Ein Patent wird als Gegenleistung für eine funktionierende und mehr oder weniger vollständige, in jedem Fall aber „ausreichende“ Offenbarung der Erfindung erteilt – getreu dem Motto Leistung (Patent) gegen Gegenleistung (ausreichende Offenbarung der Erfindung). Im Einklang mit der Rechtsprechung des Europäischen Patentamts zu dem entsprechenden Artikel 83 des Europäischen Patentübereinkommens heißt das: die Erfindung muss für den Fachmann aufgrund der in der Patentanmeldung zur Verfügung stehenden Informationen ohne unzumutbaren Aufwand über die gesamte Anspruchsbreite, gegebenenfalls unter Zuhilfenahme seines Fachwissens, zum Zeitpunkt der Anmeldung nacharbeitbar sein.

Während sich Patenprüfer in der frühren Praxis eher wenig für die Funktionstüchtigkeit und „ausreichende“ Offenbarung der ihnen vorgelegten Erfindungen interessierten und ihr Augenmerk auf die Neuheit und erfinderische Tätigkeit der angemeldeten Erfindungen richteten, rückt die Problematik der nicht ausreichenden Offenbarung der Erfindung immer häufiger in den Fokus des Europäischen Patentamts, sowohl im Erteilungs- als auch im Einspruchsverfahren. Jüngstes Beispiel ist die Entscheidungen T 1832/06 der Technischen Beschwerdekammern  3.3.06 vom 16. Okt 2009.

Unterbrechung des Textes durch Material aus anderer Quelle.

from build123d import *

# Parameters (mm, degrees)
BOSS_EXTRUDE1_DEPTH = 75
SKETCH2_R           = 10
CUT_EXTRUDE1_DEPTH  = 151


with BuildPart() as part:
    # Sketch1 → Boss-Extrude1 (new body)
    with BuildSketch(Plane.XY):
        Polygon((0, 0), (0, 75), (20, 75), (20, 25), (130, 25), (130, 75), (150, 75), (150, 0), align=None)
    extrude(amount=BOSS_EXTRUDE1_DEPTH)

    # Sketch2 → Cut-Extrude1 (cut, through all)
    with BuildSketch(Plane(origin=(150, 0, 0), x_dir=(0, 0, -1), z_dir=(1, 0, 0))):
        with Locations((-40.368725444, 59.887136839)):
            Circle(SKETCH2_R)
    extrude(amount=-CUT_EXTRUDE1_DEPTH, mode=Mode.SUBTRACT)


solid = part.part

Gegenstand des Patents war ein  Verfahren zum Imprägnieren von Laminatfußboden-Dekorpapieren, bei dem auf angefeuchtetes Dekorpapier eine Schicht aus einem Aminoharz in spezieller Dispersion aufgedüst wird, wobei die endgültige Flächenmasse – bezogen auf die Trockenmasse des Rohpapiers – 100% bis 250% beträgt und die Dispersion partikelförmiges Abriebmaterial enthält.

Die Anmeldung selbst definierte keinen der im Anspruch verwendeten Begriffe „Rohpapier“, „Dekorpapier“, „Trockenmasse“ oder „endgültige Trockenmasse“. Die Patentinhaberin hatte zunächst insoweit Glück, dass sie im Erteilungsverfahren den Klarheitseinwand des Prüfers in Bezug auf das beanstandete Merkmal der endgültigen Flächenmasse ausräumen konnte. Das Patent wurde erteilt. In dem sich anschließenden Einspruchsverfahren wurde jedoch der Einspruchsgrund der nicht ausreichenden Offenbarung (Artikel 83 EPÜ) geltend gemacht, so dass das EPA sich noch einmal mit der Frage der ausreichenden Offenbarung und dem Verständnis des anspruchgemäßen Merkmals „wobei die endgültige Flächenmasse – bezogen auf die Trockenmasse des Rohpapiers – 100% bis 250% beträgt“ beschäftigen konnte und diesmal zu Ungunsten der Patentinhaberin entschied.

Nach Ansicht der Kammer waren aus dem Streitpatent weder entsprechende Definitionen für die im Anspruch verwendeten Begriffe „Rohpapier“, „Dekorpapier“, „Trockenmasse“ oder „endgültige Trockenmasse“ herleitbar noch gaben die Beispiele zur Interpretation der Begriffe Hilfestellung.  Problematisch war insbesondere, dass die spätere Interpretation der Begriffe durch die Patentinhaberin auch von allgemein gebräuchlichen Definitionen abwich. So wurde beispielsweise angegeben, dass die „Trockenmasse“ gemäß der Erfindung immer eine variable Restfeuchte beinhaltet, während die allgemein gebräuchliche Definition für „Trockenmasse“ von einer Gesamtmasse mit Ausnahme der Masse des Wassers ausgeht. Nach Auffassung der Kammer war der Fachmann letztendlich nicht in der Lage die verwendeten Parameter richtig zu interpretieren und das unter den Anspruchswortlaut fallende Verfahren nachzuarbeiten. Das Patent wurde widerrufen.

Für die Praxis bedeutet dies, dass man zumindest die in den Ansprüchen verwendeten Begriffe möglichst umfassend in der Beschreibung der Patentanmeldung definiert, insbesondere wenn sich diese von gebräuchlichen Definitionen unterscheiden. Auf dieses eigene „Lexikon“ in der Beschreibung kann dann bei Bedarf zurückgegriffen werden, beispielsweise, wenn sich Begrifflichkeiten über die Laufzeit eines Patents ändern und es zu ergründen gilt, was durch den Patentanspruch genau geschützt sein soll.